━━━━━ Extracted data

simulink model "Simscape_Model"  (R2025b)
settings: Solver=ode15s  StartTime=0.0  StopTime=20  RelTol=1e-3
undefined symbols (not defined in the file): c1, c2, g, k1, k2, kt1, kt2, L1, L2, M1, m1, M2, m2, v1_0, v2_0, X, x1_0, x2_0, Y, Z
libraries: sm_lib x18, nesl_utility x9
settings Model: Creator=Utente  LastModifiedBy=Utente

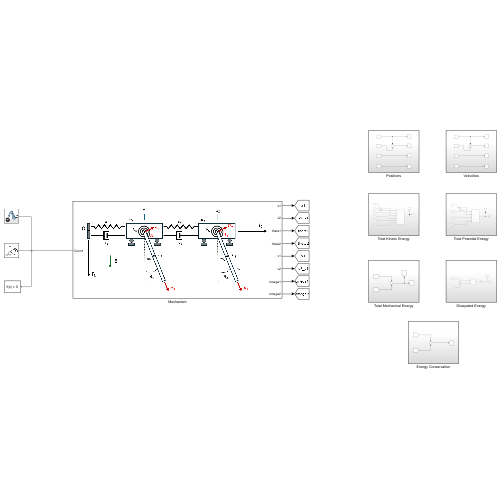
[thumbnail: Simulink's stored preview of the top-level diagram]
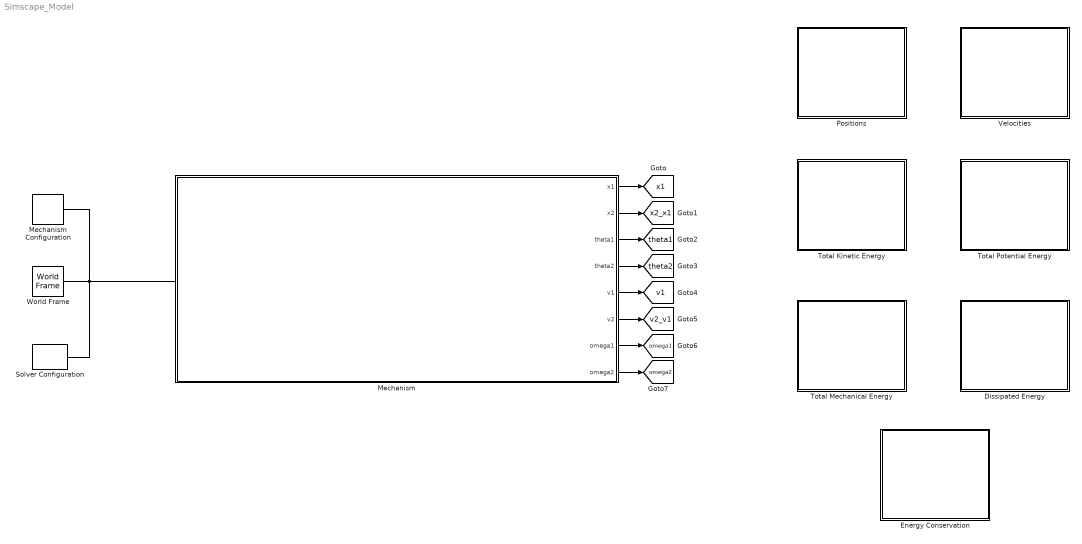
== system Simscape_Model ==
  Dissipated Energy : Subsystem
  Energy Conservation : Subsystem
  Mechanism : Subsystem
      mask Display: image('Frames and Coordinates.png', [20,10,40,10,100,100]);
  Mechanism Configuration : sm_lib/Utilities/Mechanism Configuration  UniformGravity=Constant  GravityVector=[9.80665 0 0]  GravityVectorUnits=m/s^2  LinearizationDelta=0.001  JointModeTransitionNonlinearIterations=2
  Positions : Subsystem
  Solver Configuration : nesl_utility/Solver Configuration  PhysicalDomain=network_engine_domain  SubClassName=solver  LeftPortType=input  RightPortType=generic  Tones=[]  Harmonics=[]  SimulateNoise=off  Profile=off  UseLocalSampling=off  EnableSwitchedLinearOptims=on  FrequencyDomain=off  UseCCode=off  RelTol=0.001  AbsTol=0.001  MinStep=1e-09  ToWorkspace=off  RevertToSquareIcSolve=off  NumHomotopyIterations=100  PhasorMode=off  PhasorModeNumHarmonics=1  ConsistencySolver=NEWTON_XTOL_AFTER_FTOL  IndexReductionMethod=DerivativeReplacement  DoDC=off  ResidualTolerance=1e-09  ConsistencyTolSource=GLOBAL  ConsistencyAbsTol=0.001  ConsistencyRelTol=0.001  ConsistencyTolFactor=0.001  UseLocalSolver=off  LocalSolverChoice=NE_BACKWARD_EULER_ADVANCER  ResolveIndetEquations=on  FunctionEvalNumThread=1  LocalSolverSampleTime=0.001  DoFixedCost=off  MaxNonlinIter=3  MaxModeIter=2  ComputeImpulses=off  ImpulseIterations=2  LinearAlgebra=auto  LinearAlgebraNumThread=0  EquationFormulation=NE_TIME_EF  DelaysMemoryBudget=1024  AutomaticFiltering=on  FilteringTimeConstant=0.001  PartitionStorageMethod=AS_NEEDED  PartitionMemoryBudget=1024  PartitionMethod=ROBUST  MultibodyUseLocalSolver=off  MultibodyLocalSolverChoice=ODE1  MultibodyLocalSolverSampleTime=0.001
  Total Kinetic Energy : Subsystem
  Total Mechanical Energy : Subsystem
  Total Potential Energy : Subsystem
  Velocities : Subsystem
  World Frame : sm_lib/Frames and Transforms/World Frame
  tag scope: omega1=global, omega2=global, theta1=global, theta2=global, v1=global, v2_v1=global, x1=global, x2_x1=global
  wires:
  Mechanism/1(x1) -> [x1]
  Mechanism/2(x2) -> [x2_x1]
  Mechanism/3(theta1) -> [theta1]
  Mechanism/4(theta2) -> [theta2]
  Mechanism/5(v1) -> [v1]
  Mechanism/6(v2) -> [v2_v1]
  Mechanism/7(omega1) -> [omega1]
  Mechanism/8(omega2) -> [omega2]
  connections:
  World Frame/RConn1 -- Solver Configuration/RConn1 -- Mechanism/LConn1 -- Mechanism Configuration/RConn1

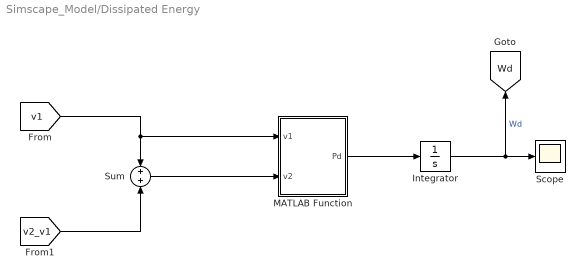
== system Simscape_Model/Dissipated Energy ==
  Integrator : Integrator
  MATLAB Function : MATLAB Function  TreatAsAtomicUnit=on
  Scope : Scope
      settings: ActiveDisplayYMinimum=-0.01761357447503813  ActiveDisplayYMaximum=0.15852217027534321  DataLoggingVariableName=ScopeData11
  Sum : Sum
  tag scope: Wd=global
  wires:
  [v1] -> Sum/1, MATLAB Function/1(v1)
  [v2_v1] -> Sum/2
  Sum/1 -> MATLAB Function/2(v2)
  MATLAB Function/1(Pd) -> Integrator/1
  Integrator/1 -> [Wd], Scope/1  "Wd"

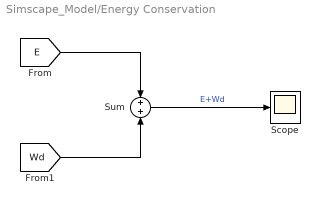
== system Simscape_Model/Energy Conservation ==
  Scope : Scope
      settings: ActiveDisplayYMinimum=0.14074476897436611  ActiveDisplayYMaximum=0.14226416035897949  DataLoggingVariableName=ScopeData12
  Sum : Sum
  wires:
  [E] -> Sum/1
  [Wd] -> Sum/2
  Sum/1 -> Scope/1  "E+Wd"

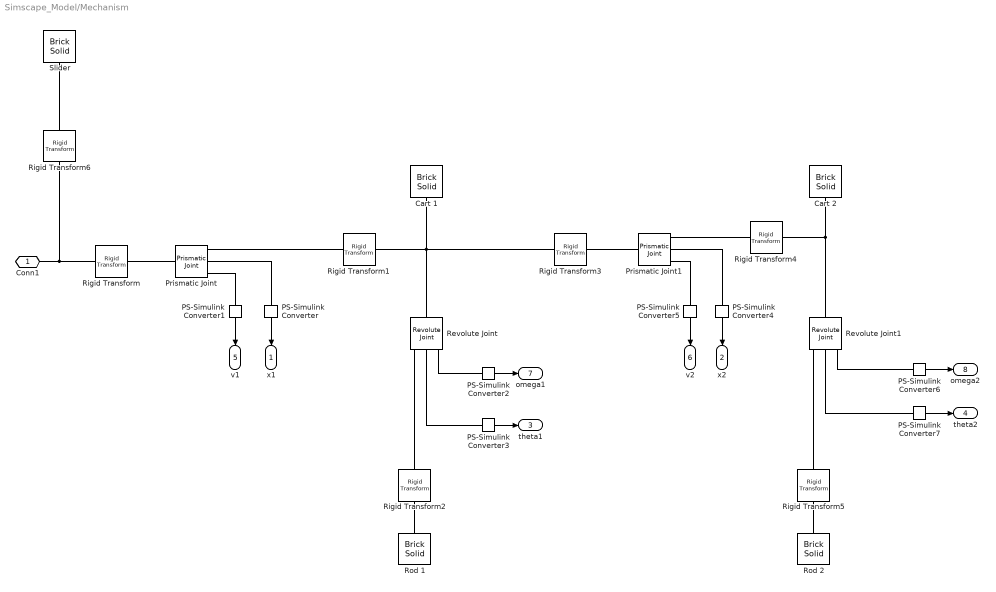
== system Simscape_Model/Mechanism ==
  Cart 1 : sm_lib/Body Elements/Brick Solid  BrickDimensions=[0.1 0.2 0.1]  BrickDimensionsUnits=m  ExportEntireGeometry=off  InertiaType=CalculateFromGeometry  BasedOnType=Mass  Density=1000  DensityUnits=kg/m^3  Mass=M1  MassUnits=kg  CenterOfMass=[0 0 0]  CenterOfMassUnits=m  MomentsOfInertia=[1 1 1]  MomentsOfInertiaUnits=kg*m^2  ProductsOfInertia=[0 0 0]  ProductsOfInertiaUnits=kg*m^2  GraphicType=FromGeometry  MarkerShape=Sphere  MarkerSize=10  GraphicVisPropType=SimpleVisualProperties  GraphicDiffuseColor=[1 0 0]  GraphicOpacity=1  GraphicSpecularColor=[0.5 0.5 0.5 1.0]  GraphicAmbientColor=[0.15 0.15 0.15 1.0]  GraphicEmissiveColor=[0.0 0.0 0.0 1.0]  GraphicShininess=75  DoExposeReferenceFrame=on  SerializedFrames=<Frames/>
  Cart 2 : sm_lib/Body Elements/Brick Solid  BrickDimensions=[0.1 0.2 0.1]  BrickDimensionsUnits=m  ExportEntireGeometry=off  InertiaType=CalculateFromGeometry  BasedOnType=Mass  Density=1000  DensityUnits=kg/m^3  Mass=M2  MassUnits=kg  CenterOfMass=[0 0 0]  CenterOfMassUnits=m  MomentsOfInertia=[1 1 1]  MomentsOfInertiaUnits=kg*m^2  ProductsOfInertia=[0 0 0]  ProductsOfInertiaUnits=kg*m^2  GraphicType=FromGeometry  MarkerShape=Sphere  MarkerSize=10  GraphicVisPropType=SimpleVisualProperties  GraphicDiffuseColor=[1 0 0]  GraphicOpacity=1  GraphicSpecularColor=[0.5 0.5 0.5 1.0]  GraphicAmbientColor=[0.15 0.15 0.15 1.0]  GraphicEmissiveColor=[0.0 0.0 0.0 1.0]  GraphicShininess=75  DoExposeReferenceFrame=on  SerializedFrames=<Frames/>
  PS-Simulink Converter{,1..7} (8 alike) : nesl_utility/PS-Simulink Converter  PhysicalDomain=network_engine_domain  SubClassName=ps_output  LeftPortType=input  RightPortType=output  PseudoPeriodic=off  Frequencies=[]  VectorFormat=inherit  Unit=inherit  AffineConversion=off
  Prismatic Joint : sm_lib/Joints/Prismatic Joint  JointMode=Normal  CompositeWrenchDir=FollowerOnBase  CompositeWrenchFrame=BaseFrame  SenseConstraintForce=off  SenseConstraintTorque=off  SenseTotalForce=off  SenseTotalTorque=off  PositionTargetSpecify=on  PositionTargetPriority=High  PositionTargetValue=x1_0  PositionTargetValueUnits=m  VelocityTargetSpecify=on  VelocityTargetPriority=High  VelocityTargetValue=v1_0  VelocityTargetValueUnits=m/s  EquilibriumPosition=0  EquilibriumPositionUnits=m  SpringStiffness=k1  SpringStiffnessUnits=N/m  DampingCoefficient=c1  DampingCoefficientUnits=N/(m/s)  LowerLimitSpecify=off  LowerLimitBound=-1  LowerLimitBoundUnits=m  LowerLimitStiffness=1e6  LowerLimitStiffnessUnits=N/m  LowerLimitDamping=1e3  LowerLimitDampingUnits=N/(m/s)  LowerLimitTransitionRegionWidth=1e-4  LowerLimitTransitionRegionWidthUnits=m  UpperLimitSpecify=off  UpperLimitBound=1  UpperLimitBoundUnits=m  UpperLimitStiffness=1e6  UpperLimitStiffnessUnits=N/m  UpperLimitDamping=1e3  UpperLimitDampingUnits=N/(m/s)  UpperLimitTransitionRegionWidth=1e-4  UpperLimitTransitionRegionWidthUnits=m  TorqueActuationMode=NoTorque  MotionActuationMode=ComputedMotion  SensePosition=on  SenseVelocity=on  SenseAcceleration=off  SenseTorqueForce=off  SenseLowerLimitTorqueForce=off  SenseUpperLimitTorqueForce=off
  Prismatic Joint1 : sm_lib/Joints/Prismatic Joint  JointMode=Normal  CompositeWrenchDir=FollowerOnBase  CompositeWrenchFrame=BaseFrame  SenseConstraintForce=off  SenseConstraintTorque=off  SenseTotalForce=off  SenseTotalTorque=off  PositionTargetSpecify=on  PositionTargetPriority=High  PositionTargetValue=x2_0-x1_0  PositionTargetValueUnits=m  VelocityTargetSpecify=on  VelocityTargetPriority=High  VelocityTargetValue=v2_0-v1_0  VelocityTargetValueUnits=m/s  EquilibriumPosition=0  EquilibriumPositionUnits=m  SpringStiffness=k2  SpringStiffnessUnits=N/m  DampingCoefficient=c2  DampingCoefficientUnits=N/(m/s)  LowerLimitSpecify=off  LowerLimitBound=-1  LowerLimitBoundUnits=m  LowerLimitStiffness=1e6  LowerLimitStiffnessUnits=N/m  LowerLimitDamping=1e3  LowerLimitDampingUnits=N/(m/s)  LowerLimitTransitionRegionWidth=1e-4  LowerLimitTransitionRegionWidthUnits=m  UpperLimitSpecify=off  UpperLimitBound=1  UpperLimitBoundUnits=m  UpperLimitStiffness=1e6  UpperLimitStiffnessUnits=N/m  UpperLimitDamping=1e3  UpperLimitDampingUnits=N/(m/s)  UpperLimitTransitionRegionWidth=1e-4  UpperLimitTransitionRegionWidthUnits=m  TorqueActuationMode=NoTorque  MotionActuationMode=ComputedMotion  SensePosition=on  SenseVelocity=on  SenseAcceleration=off  SenseTorqueForce=off  SenseLowerLimitTorqueForce=off  SenseUpperLimitTorqueForce=off
  Revolute Joint : sm_lib/Joints/Revolute Joint  JointMode=Normal  CompositeWrenchDir=FollowerOnBase  CompositeWrenchFrame=BaseFrame  SenseConstraintForce=off  SenseConstraintTorque=off  SenseTotalForce=off  SenseTotalTorque=off  PositionTargetSpecify=on  PositionTargetPriority=High  PositionTargetValue=theta1_0  PositionTargetValueUnits=rad  VelocityTargetSpecify=on  VelocityTargetPriority=High  VelocityTargetValue=omega1_0  VelocityTargetValueUnits=rad/s  EquilibriumPosition=0  EquilibriumPositionUnits=deg  SpringStiffness=kt1  SpringStiffnessUnits=N*m/rad  DampingCoefficient=0  DampingCoefficientUnits=N*m/(deg/s)  LowerLimitSpecify=off  LowerLimitBound=-90  LowerLimitBoundUnits=deg  LowerLimitStiffness=1e4  LowerLimitStiffnessUnits=N*m/deg  LowerLimitDamping=10  LowerLimitDampingUnits=N*m/(deg/s)  LowerLimitTransitionRegionWidth=0.1  LowerLimitTransitionRegionWidthUnits=deg  UpperLimitSpecify=off  UpperLimitBound=90  UpperLimitBoundUnits=deg  UpperLimitStiffness=1e4  UpperLimitStiffnessUnits=N*m/deg  UpperLimitDamping=10  UpperLimitDampingUnits=N*m/(deg/s)  UpperLimitTransitionRegionWidth=0.1  UpperLimitTransitionRegionWidthUnits=deg  TorqueActuationMode=NoTorque  MotionActuationMode=ComputedMotion  SensePosition=on  SenseVelocity=on  SenseAcceleration=off  SenseTorqueForce=off  SenseLowerLimitTorqueForce=off  SenseUpperLimitTorqueForce=off
  Revolute Joint1 : sm_lib/Joints/Revolute Joint  JointMode=Normal  CompositeWrenchDir=FollowerOnBase  CompositeWrenchFrame=BaseFrame  SenseConstraintForce=off  SenseConstraintTorque=off  SenseTotalForce=off  SenseTotalTorque=off  PositionTargetSpecify=on  PositionTargetPriority=High  PositionTargetValue=theta2_0  PositionTargetValueUnits=rad  VelocityTargetSpecify=on  VelocityTargetPriority=High  VelocityTargetValue=omega2_0  VelocityTargetValueUnits=rad/s  EquilibriumPosition=0  EquilibriumPositionUnits=deg  SpringStiffness=kt2  SpringStiffnessUnits=N*m/rad  DampingCoefficient=0  DampingCoefficientUnits=N*m/(deg/s)  LowerLimitSpecify=off  LowerLimitBound=-90  LowerLimitBoundUnits=deg  LowerLimitStiffness=1e4  LowerLimitStiffnessUnits=N*m/deg  LowerLimitDamping=10  LowerLimitDampingUnits=N*m/(deg/s)  LowerLimitTransitionRegionWidth=0.1  LowerLimitTransitionRegionWidthUnits=deg  UpperLimitSpecify=off  UpperLimitBound=90  UpperLimitBoundUnits=deg  UpperLimitStiffness=1e4  UpperLimitStiffnessUnits=N*m/deg  UpperLimitDamping=10  UpperLimitDampingUnits=N*m/(deg/s)  UpperLimitTransitionRegionWidth=0.1  UpperLimitTransitionRegionWidthUnits=deg  TorqueActuationMode=NoTorque  MotionActuationMode=ComputedMotion  SensePosition=on  SenseVelocity=on  SenseAcceleration=off  SenseTorqueForce=off  SenseLowerLimitTorqueForce=off  SenseUpperLimitTorqueForce=off
  Rigid Transform : sm_lib/Frames and Transforms/Rigid Transform  RotationMethod=StandardAxis  FollAlignAxisA=+X  BaseAlignAxisA=+Y  FollAlignAxisB=+Y  BaseAlignAxisB=+Z  RotationStandardAxis=+X  RotationAngle=-90  RotationAngleUnits=deg  RotationArbitraryAxis=[0 0 1]  RotationSequenceAxes=FollowerAxes  RotationSequence=XYX  RotationSequenceAngles=[0 0 0]  RotationSequenceAnglesUnits=deg  RotationMatrix=[1 0 0;0 1 0;0 0 1]  Quaternion=[1 0 0 0]  TranslationMethod=None  TranslationCartesianOffset=[0 0 0]  TranslationCartesianOffsetUnits=m  TranslationStandardAxis=+Z  TranslationStandardOffset=0  TranslationStandardOffsetUnits=m  TranslationROffset=0  TranslationROffsetUnits=m  TranslationThetaOffset=0  TranslationThetaOffsetUnits=deg  TranslationZOffset=0  TranslationZOffsetUnits=m
  Rigid Transform1 : sm_lib/Frames and Transforms/Rigid Transform  RotationMethod=StandardAxis  FollAlignAxisA=+X  BaseAlignAxisA=+Y  FollAlignAxisB=+Y  BaseAlignAxisB=+Z  RotationStandardAxis=+X  RotationAngle=90  RotationAngleUnits=deg  RotationArbitraryAxis=[0 0 1]  RotationSequenceAxes=FollowerAxes  RotationSequence=XYX  RotationSequenceAngles=[0 0 0]  RotationSequenceAnglesUnits=deg  RotationMatrix=[1 0 0;0 1 0;0 0 1]  Quaternion=[1 0 0 0]  TranslationMethod=None  TranslationCartesianOffset=[0 0 0]  TranslationCartesianOffsetUnits=m  TranslationStandardAxis=+Z  TranslationStandardOffset=0  TranslationStandardOffsetUnits=m  TranslationROffset=0  TranslationROffsetUnits=m  TranslationThetaOffset=0  TranslationThetaOffsetUnits=deg  TranslationZOffset=0  TranslationZOffsetUnits=m
  Rigid Transform2 : sm_lib/Frames and Transforms/Rigid Transform  RotationMethod=None  FollAlignAxisA=+X  BaseAlignAxisA=+Y  FollAlignAxisB=+Y  BaseAlignAxisB=+Z  RotationStandardAxis=+Z  RotationAngle=0  RotationAngleUnits=deg  RotationArbitraryAxis=[0 0 1]  RotationSequenceAxes=FollowerAxes  RotationSequence=XYX  RotationSequenceAngles=[0 0 0]  RotationSequenceAnglesUnits=deg  RotationMatrix=[1 0 0;0 1 0;0 0 1]  Quaternion=[1 0 0 0]  TranslationMethod=Cartesian  TranslationCartesianOffset=[L1/2 0 0]  TranslationCartesianOffsetUnits=m  TranslationStandardAxis=+Z  TranslationStandardOffset=0  TranslationStandardOffsetUnits=m  TranslationROffset=0  TranslationROffsetUnits=m  TranslationThetaOffset=0  TranslationThetaOffsetUnits=deg  TranslationZOffset=0  TranslationZOffsetUnits=m
  Rigid Transform3 : sm_lib/Frames and Transforms/Rigid Transform  RotationMethod=StandardAxis  FollAlignAxisA=+X  BaseAlignAxisA=+Y  FollAlignAxisB=+Y  BaseAlignAxisB=+Z  RotationStandardAxis=+X  RotationAngle=-90  RotationAngleUnits=deg  RotationArbitraryAxis=[0 0 1]  RotationSequenceAxes=FollowerAxes  RotationSequence=XYX  RotationSequenceAngles=[0 0 0]  RotationSequenceAnglesUnits=deg  RotationMatrix=[1 0 0;0 1 0;0 0 1]  Quaternion=[1 0 0 0]  TranslationMethod=Cartesian  TranslationCartesianOffset=[0 0.5 0]  TranslationCartesianOffsetUnits=m  TranslationStandardAxis=+Z  TranslationStandardOffset=0  TranslationStandardOffsetUnits=m  TranslationROffset=0  TranslationROffsetUnits=m  TranslationThetaOffset=0  TranslationThetaOffsetUnits=deg  TranslationZOffset=0  TranslationZOffsetUnits=m
  Rigid Transform4 : sm_lib/Frames and Transforms/Rigid Transform  RotationMethod=StandardAxis  FollAlignAxisA=+X  BaseAlignAxisA=+Y  FollAlignAxisB=+Y  BaseAlignAxisB=+Z  RotationStandardAxis=+X  RotationAngle=90  RotationAngleUnits=deg  RotationArbitraryAxis=[0 0 1]  RotationSequenceAxes=FollowerAxes  RotationSequence=XYX  RotationSequenceAngles=[0 0 0]  RotationSequenceAnglesUnits=deg  RotationMatrix=[1 0 0;0 1 0;0 0 1]  Quaternion=[1 0 0 0]  TranslationMethod=None  TranslationCartesianOffset=[0 0 0]  TranslationCartesianOffsetUnits=m  TranslationStandardAxis=+Z  TranslationStandardOffset=0  TranslationStandardOffsetUnits=m  TranslationROffset=0  TranslationROffsetUnits=m  TranslationThetaOffset=0  TranslationThetaOffsetUnits=deg  TranslationZOffset=0  TranslationZOffsetUnits=m
  Rigid Transform5 : sm_lib/Frames and Transforms/Rigid Transform  RotationMethod=None  FollAlignAxisA=+X  BaseAlignAxisA=+Y  FollAlignAxisB=+Y  BaseAlignAxisB=+Z  RotationStandardAxis=+Z  RotationAngle=0  RotationAngleUnits=deg  RotationArbitraryAxis=[0 0 1]  RotationSequenceAxes=FollowerAxes  RotationSequence=XYX  RotationSequenceAngles=[0 0 0]  RotationSequenceAnglesUnits=deg  RotationMatrix=[1 0 0;0 1 0;0 0 1]  Quaternion=[1 0 0 0]  TranslationMethod=Cartesian  TranslationCartesianOffset=[L2/2 0 0]  TranslationCartesianOffsetUnits=m  TranslationStandardAxis=+Z  TranslationStandardOffset=0  TranslationStandardOffsetUnits=m  TranslationROffset=0  TranslationROffsetUnits=m  TranslationThetaOffset=0  TranslationThetaOffsetUnits=deg  TranslationZOffset=0  TranslationZOffsetUnits=m
  Rigid Transform6 : sm_lib/Frames and Transforms/Rigid Transform  RotationMethod=None  FollAlignAxisA=+X  BaseAlignAxisA=+Y  FollAlignAxisB=+Y  BaseAlignAxisB=+Z  RotationStandardAxis=+Z  RotationAngle=0  RotationAngleUnits=deg  RotationArbitraryAxis=[0 0 1]  RotationSequenceAxes=FollowerAxes  RotationSequence=XYX  RotationSequenceAngles=[0 0 0]  RotationSequenceAnglesUnits=deg  RotationMatrix=[1 0 0;0 1 0;0 0 1]  Quaternion=[1 0 0 0]  TranslationMethod=Cartesian  TranslationCartesianOffset=[0 0.25 0]  TranslationCartesianOffsetUnits=m  TranslationStandardAxis=+Z  TranslationStandardOffset=0  TranslationStandardOffsetUnits=m  TranslationROffset=0  TranslationROffsetUnits=m  TranslationThetaOffset=0  TranslationThetaOffsetUnits=deg  TranslationZOffset=0  TranslationZOffsetUnits=m
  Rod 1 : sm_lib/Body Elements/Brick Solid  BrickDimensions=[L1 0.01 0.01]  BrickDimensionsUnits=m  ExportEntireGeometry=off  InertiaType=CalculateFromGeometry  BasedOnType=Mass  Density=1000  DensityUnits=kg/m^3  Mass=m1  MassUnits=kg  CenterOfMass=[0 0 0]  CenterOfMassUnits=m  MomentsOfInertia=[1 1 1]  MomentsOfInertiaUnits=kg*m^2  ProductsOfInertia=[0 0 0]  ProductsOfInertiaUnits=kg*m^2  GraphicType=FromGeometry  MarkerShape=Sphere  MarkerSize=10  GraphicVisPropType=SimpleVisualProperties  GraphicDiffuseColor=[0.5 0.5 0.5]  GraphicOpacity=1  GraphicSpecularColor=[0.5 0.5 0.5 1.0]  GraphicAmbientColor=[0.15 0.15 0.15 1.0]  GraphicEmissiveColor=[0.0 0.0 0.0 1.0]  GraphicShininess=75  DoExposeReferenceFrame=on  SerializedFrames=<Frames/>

━━━━━━━━━━

**What is required**:
Only the number should be given: the count of lines in the entries that contain the string "PhysicalDomain".

**Result of this task**:
2